Натура оказалась превосходной, а фея — необыкновенно уступчивой. Но то, что произошло в итоге, можно было назвать скорее конфузией, чем викторией. Горицветов вздрогнул, вспоминая те полуночные минуты: фея презрительно кривила губки, не дождавшись от представителя богемы восхитительных и блистательных мгновений, а Горицветов, сидя голым на холодном кухонном табурете, напитывался гневом, как белая губка, брошенная в лужу, напитывается черной водой.
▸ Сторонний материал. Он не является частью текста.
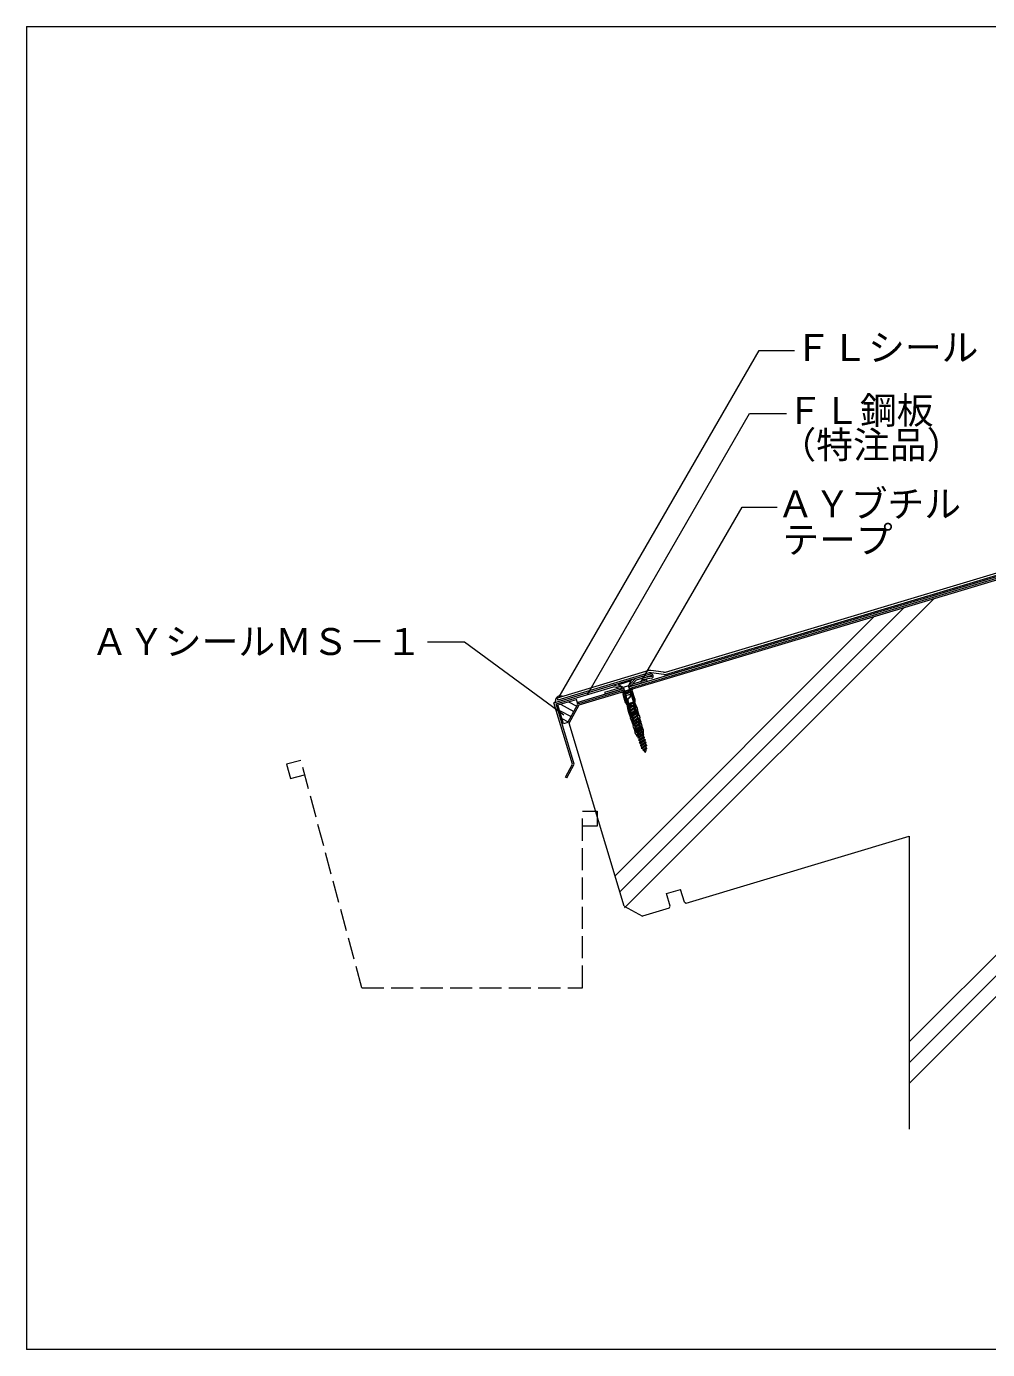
# Model space of a CAD drawing. Units: millimetres on the paper, with parts at other scales. Extents: x -135 to 135, y -94 to 92.
# Drawn here: x -135 to -4.3, y -88 to 92 of the extents above; entities that cross this region are included whole.
import ezdxf
from ezdxf.enums import TextEntityAlignment as Align

# ---------------------------------------------------------------- set-up
doc = ezdxf.new("R2010")
doc.units = ezdxf.units.MM
doc.linetypes.add('DASHED3', pattern=[4, 3, -1])
for name, color, linetype, lineweight in [('1-2_ハッチング', 6, 'Continuous', 9), ('1-4_リベットルーフ', 3, 'Continuous', 9), ('1-5_ＦＬ鋼板・ディスク', 7, 'Continuous', 9), ('1-6_アンカー類', 7, 'Continuous', 9), ('1-7_設備', 5, 'DASHED3', 9), ('1-8_下地など', 30, 'Continuous', 18), ('1-A_元図・躯体', 7, 'Continuous', 9), ('E-0', 7, 'Continuous', 9), ('F-F', 7, 'Continuous', 9)]:
    doc.layers.add(name, color=color, linetype=linetype, lineweight=lineweight)
doc.styles.add('ＭＳ ゴシック', font='')
doc.styles.get('ＭＳ ゴシック').set_extended_font_data('MS Gothic')

msp = doc.modelspace()

# ---------------------------------------------------------------- linework, layer by layer
at = {"layer": '1-2_ハッチング'}
for p, q in [((-62.757, -0.31), (-60.235, 0.446)), ((-61.326, 0.119), (-60.195, -0.491)), ((-60.243, 0.444), (-60.233, 0.439)), ((-60.04, -0.204), (-60.235, 0.446)), ((-61.987, -2.876), (-62.757, -0.31)), ((-62.536, -1.047), (-60.953, -1.899)), ((-62.41, -0.206), (-60.574, -1.195)), ((-61.381, -2.694), (-60.04, -0.204)), ((-62.211, -2.131), (-61.333, -2.604)), ((-61.381, -2.694), (-61.987, -2.876))]:
    msp.add_line(p, q, dxfattribs=at)
at = {"layer": '1-2_ハッチング', "color": 3}
for points in [[(-63.283, -0.022), (-63.265, -0.01), (-63.235, 0.01), (-63.206, 0.031), (-63.178, 0.053), (-63.152, 0.076), (-63.129, 0.101), (-63.117, 0.117), (-63.105, 0.135), (-63.088, 0.167), (-63.073, 0.202), (-63.062, 0.238), (-63.052, 0.275), (-63.044, 0.313), (-63.04, 0.336), (-63.036, 0.36), (-63.03, 0.402), (-63.023, 0.444), (-63.015, 0.485), (-63.004, 0.525), (-62.991, 0.563), (-62.982, 0.584), (-62.972, 0.603), (-62.953, 0.634), (-62.931, 0.664), (-62.908, 0.693), (-62.883, 0.721), (-62.858, 0.749), (-62.843, 0.765), (-62.836, 0.773), (-62.823, 0.787), (-62.811, 0.8), (-62.798, 0.814), (-62.784, 0.826), (-62.771, 0.838), (-62.763, 0.845), (-62.745, 0.857), (-62.714, 0.876), (-62.68, 0.892), (-62.644, 0.905)], [(-62.644, 0.905), (-62.608, 0.916), (-62.571, 0.925), (-62.549, 0.93), (-62.525, 0.935), (-62.482, 0.942), (-62.44, 0.947), (-62.398, 0.95), (-62.357, 0.95), (-62.315, 0.948), (-62.291, 0.945), (-62.269, 0.941), (-62.232, 0.933), (-62.194, 0.923), (-62.157, 0.911), (-62.12, 0.898), (-62.083, 0.884), (-62.062, 0.876)]]:
    msp.add_lwpolyline(points, dxfattribs=at)
at = {"layer": '1-4_リベットルーフ'}
for p, q in [((-48.124, 4.163), (72.057, 40.217)), ((-48.101, 3.857), (72.144, 39.93)), ((-50.364, 4.368), (-62.849, 0.623)), ((-50.341, 4.062), (-62.763, 0.335)), ((-48.38, 4.144), (-50.108, 4.387)), ((-48.357, 3.837), (-50.085, 4.081)), ((-62.849, 0.623), (-62.763, 0.335))]:
    msp.add_line(p, q, dxfattribs=at)
for centre, start, end in [((-50.192, 3.793), 81.97076, 106.699), ((-50.169, 3.487), 81.97076, 106.699), ((-48.296, 4.738), 261.97076, 286.699), ((-48.273, 4.432), 261.97076, 286.699)]:
    msp.add_arc(centre, 0.6, start, end, dxfattribs=at)
at = {"layer": '1-5_ＦＬ鋼板・ディスク'}
for p, q in [((-63.28, -0.029), (-50.158, 3.908)), ((-52.068, 3.105), (-50.095, 3.697)), ((-63.006, -0.176), (-55.209, 2.163)), ((-54.43, 1.979), (-56.397, 1.389)), ((-56.34, 1.197), (-54.041, 1.887)), ((-54.114, 2.13), (-55.215, 2.391)), ((-54.041, 1.887), (-55.209, 2.163)), ((-54.114, 2.13), (-54.041, 1.887)), ((-52.964, 2.475), (-52.188, 3.299)), ((-52.964, 2.475), (-52.891, 2.232)), ((-52.891, 2.232), (-52.068, 3.105)), ((-52.891, 2.232), (-50.593, 2.921)), ((-50.65, 3.113), (-52.617, 2.523)), ((-50.04, 3.547), (-51.313, 3.33)), ((-51.313, 3.33), (-51.276, 3.113)), ((-49.985, 3.333), (-51.276, 3.113)), ((-50.593, 2.921), (-50.65, 3.113)), ((-56.397, 1.389), (-56.34, 1.197)), ((-60.783, -8.351), (-63.28, -0.029)), ((-60.546, -8.375), (-63.006, -0.176)), ((-61.538, -10.216), (-60.546, -8.375))]:
    msp.add_line(p, q, dxfattribs=at)
msp.add_lwpolyline([(-61.538, -10.216), (-61.731, -10.112), (-60.783, -8.351)], dxfattribs=at)
for radius, start in [(0.3, 286.699), (0.08, 293.29339)]:
    msp.add_arc((-50.072, 3.621), radius, start, 106.699, dxfattribs=at)
at = {"layer": '1-6_アンカー類', "color": 4}
for p, q in [((-52.84, 3.103), (-54.564, 2.586)), ((-54.564, 2.586), (-54.521, 2.444)), ((-53.932, 2.127), (-54.521, 2.444)), ((-53.154, 2.299), (-53.859, 2.088)), ((-53.835, 2.008), (-53.192, -0.134)), ((-53.115, 2.372), (-52.797, 2.962)), ((-52.601, 0.043), (-53.221, -0.375)), ((-52.381, 0.063), (-52.487, 0.077)), ((-53.146, -0.121), (-53.095, -0.29)), ((-52.431, -0.28), (-53.112, -0.739)), ((-52.272, -0.301), (-53.112, -0.739)), ((-53.063, -0.397), (-52.986, -0.654)), ((-52.321, -0.643), (-53.002, -1.103)), ((-52.162, -0.664), (-53.002, -1.103)), ((-52.954, -0.76), (-52.877, -1.018)), ((-52.212, -1.008), (-52.894, -1.467)), ((-52.053, -1.029), (-52.894, -1.467)), ((-52.845, -1.124), (-52.767, -1.382)), ((-52.103, -1.372), (-52.784, -1.832)), ((-51.944, -1.393), (-52.784, -1.832)), ((-52.735, -1.488), (-52.658, -1.747)), ((-51.993, -1.736), (-52.674, -2.195)), ((-51.834, -1.757), (-52.674, -2.195)), ((-52.508, -0.023), (-52.431, -0.28)), ((-52.272, -0.301), (-52.431, -0.28)), ((-52.399, -0.386), (-52.321, -0.644)), ((-52.162, -0.664), (-52.321, -0.643)), ((-52.289, -0.75), (-52.212, -1.008)), ((-52.053, -1.029), (-52.212, -1.008)), ((-52.18, -1.114), (-52.103, -1.372)), ((-51.944, -1.393), (-52.103, -1.372)), ((-52.071, -1.479), (-51.994, -1.736)), ((-51.834, -1.757), (-51.993, -1.736)), ((-52.626, -1.853), (-52.549, -2.111)), ((-51.884, -2.1), (-52.566, -2.56)), ((-51.726, -2.121), (-52.566, -2.56)), ((-52.517, -2.217), (-52.44, -2.475)), ((-51.775, -2.465), (-52.456, -2.924)), ((-51.616, -2.486), (-52.456, -2.924)), ((-52.408, -2.581), (-52.33, -2.839)), ((-51.666, -2.829), (-52.347, -3.289)), ((-51.507, -2.85), (-52.347, -3.289)), ((-52.298, -2.945), (-52.221, -3.204)), ((-51.557, -3.193), (-52.238, -3.653)), ((-51.398, -3.214), (-52.238, -3.653)), ((-52.189, -3.31), (-52.112, -3.568)), ((-51.447, -3.557), (-52.129, -4.017)), ((-51.288, -3.578), (-52.129, -4.017)), ((-51.962, -1.843), (-51.884, -2.1)), ((-51.726, -2.121), (-51.884, -2.1)), ((-51.853, -2.207), (-51.775, -2.465)), ((-51.616, -2.486), (-51.775, -2.465)), ((-51.743, -2.571), (-51.666, -2.829)), ((-51.507, -2.85), (-51.666, -2.829)), ((-51.634, -2.936), (-51.557, -3.193)), ((-51.398, -3.214), (-51.557, -3.193)), ((-51.525, -3.3), (-51.447, -3.557)), ((-51.288, -3.578), (-51.447, -3.557)), ((-52.08, -3.674), (-52.003, -3.932)), ((-51.338, -3.921), (-52.019, -4.38)), ((-51.179, -3.942), (-52.019, -4.38)), ((-51.971, -4.038), (-51.893, -4.296)), ((-51.229, -4.285), (-51.91, -4.745)), ((-51.07, -4.306), (-51.91, -4.745)), ((-51.862, -4.401), (-51.784, -4.659)), ((-51.12, -4.649), (-51.801, -5.109)), ((-50.961, -4.67), (-51.801, -5.109)), ((-51.752, -4.766), (-51.675, -5.023)), ((-51.011, -5.013), (-51.692, -5.473)), ((-50.852, -5.034), (-51.692, -5.473)), ((-51.643, -5.13), (-51.566, -5.387)), ((-50.901, -5.377), (-51.583, -5.836)), ((-50.743, -5.398), (-51.583, -5.836)), ((-51.415, -3.664), (-51.338, -3.921)), ((-51.179, -3.942), (-51.338, -3.921)), ((-51.306, -4.028), (-51.229, -4.285)), ((-51.07, -4.306), (-51.229, -4.285)), ((-51.197, -4.392), (-51.12, -4.649)), ((-50.961, -4.67), (-51.12, -4.649)), ((-51.088, -4.756), (-51.011, -5.013)), ((-50.852, -5.034), (-51.011, -5.013)), ((-50.979, -5.12), (-50.901, -5.377)), ((-50.743, -5.398), (-50.901, -5.377)), ((-51.534, -5.494), (-51.457, -5.751)), ((-50.795, -5.742), (-51.431, -6.177)), ((-50.655, -6.166), (-51.204, -6.453)), ((-50.869, -5.484), (-50.814, -5.67)), ((-50.636, -5.763), (-50.795, -5.742))]:
    msp.add_line(p, q, dxfattribs=at)
at = {"layer": '1-6_アンカー類'}
for p, q in [((-52.641, 1.868), (-54.049, 1.446)), ((-52.616, 1.782), (-52.641, 1.868)), ((-54.024, 1.36), (-54.049, 1.446)), ((-52.616, 1.782), (-54.024, 1.36)), ((-53.824, 1.242), (-54.024, 1.36)), ((-53.805, 1.248), (-53.891, 1.117)), ((-53.593, 0.121), (-53.891, 1.117)), ((-52.717, 1.574), (-53.824, 1.242)), ((-53.765, 1.114), (-53.805, 1.248)), ((-52.677, 1.44), (-53.784, 1.108)), ((-53.37, -0.271), (-53.784, 1.108)), ((-52.614, 1.229), (-53.721, 0.897)), ((-53.51, 0.814), (-53.681, 0.763)), ((-53.476, 0.72), (-53.652, 0.667)), ((-53.453, 0.623), (-53.623, 0.571)), ((-53.424, 0.527), (-53.594, 0.476)), ((-53.388, -0.214), (-53.593, 0.121)), ((-53.395, 0.431), (-53.566, 0.38)), ((-53.2, -0.22), (-53.55, 0.948)), ((-53.366, 0.335), (-53.537, 0.284)), ((-53.338, 0.239), (-53.508, 0.188)), ((-53.303, 0.125), (-53.474, 0.073)), ((-53.278, 1.26), (-53.319, 1.394)), ((-53.278, 1.26), (-53.242, 1.312)), ((-53.219, 0.087), (-53.271, 0.261)), ((-53.183, 1.288), (-53.242, 1.312)), ((-53.183, 1.288), (-53.223, 1.422)), ((-53.22, 0.504), (-52.919, 0.857)), ((-53.161, 0.104), (-53.219, 0.087)), ((-53.161, 0.104), (-53.213, 0.278)), ((-53.133, 0.009), (-53.19, -0.009)), ((-53.174, 0.465), (-52.873, 0.818)), ((-53.081, -0.165), (-53.133, 0.009)), ((-52.88, 1.044), (-52.909, 1.141)), ((-52.822, 1.061), (-52.851, 1.158)), ((-52.434, 0.01), (-52.784, 1.178)), ((-52.573, 1.095), (-52.744, 1.044)), ((-52.593, 1.507), (-52.736, 1.568)), ((-52.696, 1.434), (-52.736, 1.568)), ((-52.717, 1.574), (-52.616, 1.782)), ((-52.545, 0.999), (-52.715, 0.948)), ((-52.516, 0.904), (-52.686, 0.852)), ((-52.263, 0.061), (-52.677, 1.44)), ((-52.487, 0.808), (-52.658, 0.757)), ((-52.458, 0.712), (-52.629, 0.661)), ((-52.43, 0.616), (-52.6, 0.565)), ((-52.294, 0.511), (-52.593, 1.507)), ((-52.401, 0.521), (-52.571, 0.469)), ((-52.366, 0.406), (-52.537, 0.354)), ((-52.263, 0.061), (-52.434, 0.01)), ((-52.188, -0.711), (-52.434, 0.01)), ((-52.25, 0.023), (-52.422, -0.029)), ((-52.294, 0.511), (-52.28, 0.118)), ((-52.011, -0.657), (-52.294, 0.051)), ((-53.2, -0.22), (-53.37, -0.271)), ((-53.19, -0.259), (-53.361, -0.31)), ((-53.185, -1.009), (-53.339, -0.262)), ((-53.16, -0.375), (-53.336, -0.428)), ((-53.129, -0.491), (-53.312, -0.546)), ((-53.099, -0.608), (-53.288, -0.664)), ((-53.069, -0.724), (-53.263, -0.782)), ((-53.039, -0.84), (-53.239, -0.9)), ((-53.008, -0.956), (-53.216, -1.019)), ((-53.118, -1.344), (-53.216, -1.019)), ((-53.008, -0.956), (-53.2, -0.22)), ((-53.138, -0.182), (-53.19, -0.009)), ((-52.912, -1.282), (-53.118, -1.344)), ((-52.888, -1.359), (-53.092, -1.42)), ((-52.838, -2.096), (-53.087, -1.335)), ((-52.85, -1.473), (-53.055, -1.534)), ((-52.813, -1.587), (-53.017, -1.648)), ((-52.912, -1.282), (-53.009, -0.955)), ((-52.775, -1.701), (-52.98, -1.762)), ((-52.962, -0.357), (-52.516, -0.486)), ((-52.945, -0.299), (-52.499, -0.428)), ((-52.663, -2.043), (-52.912, -1.282)), ((-52.588, -1.603), (-52.287, -1.25)), ((-52.542, -1.642), (-52.241, -1.289)), ((-52.205, -0.089), (-52.382, -0.142)), ((-52.247, -1.063), (-52.38, -0.621)), ((-52.161, -0.201), (-52.343, -0.256)), ((-52.19, -1.046), (-52.323, -0.603)), ((-52.116, -0.313), (-52.304, -0.369)), ((-52.071, -0.425), (-52.266, -0.483)), ((-52.027, -0.537), (-52.227, -0.597)), ((-51.98, -0.648), (-52.188, -0.71)), ((-52.089, -1.035), (-52.188, -0.711)), ((-51.883, -0.974), (-52.089, -1.035)), ((-51.878, -1.807), (-52.089, -1.035)), ((-51.863, -1.051), (-52.068, -1.113)), ((-51.832, -1.167), (-52.036, -1.228)), ((-51.8, -1.283), (-52.004, -1.344)), ((-51.883, -0.974), (-51.98, -0.648)), ((-51.769, -1.399), (-51.973, -1.46)), ((-51.737, -1.514), (-51.938, -1.575)), ((-51.703, -1.755), (-51.914, -0.983)), ((-51.705, -1.63), (-51.91, -1.692)), ((-51.672, -1.746), (-51.878, -1.807)), ((-51.582, -2.073), (-51.672, -1.746)), ((-52.738, -1.815), (-52.942, -1.876)), ((-52.701, -1.929), (-52.905, -1.99)), ((-52.663, -2.043), (-52.869, -2.105)), ((-52.546, -2.425), (-52.743, -2.484)), ((-52.481, -3.137), (-52.733, -2.419)), ((-52.513, -2.52), (-52.712, -2.58)), ((-52.469, -2.632), (-52.676, -2.694)), ((-52.506, -2.289), (-52.639, -1.847)), ((-52.431, -2.746), (-52.639, -2.808)), ((-52.392, -2.859), (-52.603, -2.923)), ((-52.449, -2.272), (-52.581, -1.829)), ((-52.314, -3.087), (-52.566, -2.369)), ((-52.353, -2.973), (-52.566, -3.037)), ((-52.314, -3.087), (-52.529, -3.151)), ((-52.426, -3.496), (-52.529, -3.151)), ((-52.21, -3.431), (-52.426, -3.496)), ((-52.179, -3.537), (-52.38, -3.597)), ((-52.229, -3.98), (-52.378, -3.482)), ((-52.329, -2.464), (-51.93, -2.58)), ((-52.313, -2.407), (-51.913, -2.522)), ((-52.061, -3.929), (-52.21, -3.431)), ((-52.087, -3.582), (-52.076, -3.617)), ((-51.696, -3.841), (-52.072, -3.571)), ((-51.646, -3.207), (-51.794, -2.715)), ((-51.582, -2.073), (-51.78, -2.133)), ((-51.595, -2.871), (-51.78, -2.133)), ((-51.569, -2.132), (-51.767, -2.192)), ((-51.542, -2.229), (-51.741, -2.288)), ((-51.589, -3.189), (-51.736, -2.697)), ((-51.724, -3.439), (-51.686, -3.394)), ((-51.51, -2.344), (-51.716, -2.406)), ((-51.696, -3.841), (-51.531, -3.409)), ((-51.478, -2.46), (-51.686, -2.522)), ((-51.678, -3.478), (-51.64, -3.433)), ((-51.667, -3.937), (-51.504, -3.509)), ((-51.447, -2.576), (-51.656, -2.639)), ((-51.428, -2.821), (-51.63, -2.088)), ((-51.415, -2.692), (-51.626, -2.755)), ((-51.38, -2.806), (-51.595, -2.871)), ((-51.512, -3.409), (-51.502, -3.444)), ((-51.276, -3.151), (-51.492, -3.216)), ((-51.343, -3.714), (-51.492, -3.216)), ((-51.259, -3.261), (-51.46, -3.321)), ((-51.231, -3.357), (-51.432, -3.417)), ((-51.202, -3.452), (-51.403, -3.513)), ((-51.276, -3.151), (-51.38, -2.806)), ((-51.173, -3.548), (-51.374, -3.609)), ((-51.175, -3.664), (-51.324, -3.166)), ((-52.15, -3.633), (-52.351, -3.693)), ((-52.121, -3.728), (-52.322, -3.789)), ((-52.093, -3.824), (-52.294, -3.884)), ((-52.061, -3.929), (-52.276, -3.994)), ((-51.909, -4.594), (-52.276, -3.994)), ((-51.667, -3.937), (-52.039, -3.669)), ((-51.955, -4.022), (-51.944, -4.057)), ((-51.564, -4.281), (-51.939, -4.011)), ((-51.104, -4.352), (-51.909, -4.594)), ((-51.535, -4.377), (-51.907, -4.11)), ((-51.765, -3.715), (-51.775, -3.682)), ((-51.708, -3.698), (-51.765, -3.715)), ((-51.708, -3.698), (-51.718, -3.665)), ((-51.564, -4.281), (-51.399, -3.849)), ((-51.535, -4.377), (-51.372, -3.949)), ((-51.38, -3.85), (-51.37, -3.885)), ((-51.127, -3.649), (-51.343, -3.714)), ((-51.104, -4.352), (-51.127, -3.649))]:
    msp.add_line(p, q, dxfattribs=at)
at = {"layer": '1-6_アンカー類', "color": 4}
for points in [[(-52.84, 3.103), (-52.797, 2.962), (-54.521, 2.444)], [(-53.13, 2.22), (-52.487, 0.077), (-53.192, -0.134)], [(-53.112, -0.739), (-52.954, -0.76), (-52.272, -0.301)], [(-53.002, -1.103), (-52.844, -1.124), (-52.162, -0.664)], [(-52.894, -1.467), (-52.735, -1.488), (-52.053, -1.029)], [(-52.784, -1.832), (-52.626, -1.853), (-51.944, -1.393)], [(-52.674, -2.195), (-52.516, -2.216), (-51.834, -1.757)], [(-52.566, -2.56), (-52.408, -2.581), (-51.726, -2.121)], [(-52.456, -2.924), (-52.298, -2.945), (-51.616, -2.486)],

В окне шестого этажа зажегся свет: Пася наконец добралась до своей квартиры. Горицветов тряхнул головой, сбрасывая воспоминания, шмыгнул носом и с трудом задвигал застоявшимися ногами. Его путь лежал в десятиэтажный дом, стоявший напротив того, где жила Пася. В подъезде пахло собачьей мочой и жареным луком. Горицветов, дыша открытым ртом и отплевываясь вязкой горьковатой слюной, поднялся на площадку седьмого этажа. Вынул из кармана подзорную трубу и раздвинул ее длинным элегантным движением — в этот самый момент он понравился самому себе и пожалел, что никто его не видит.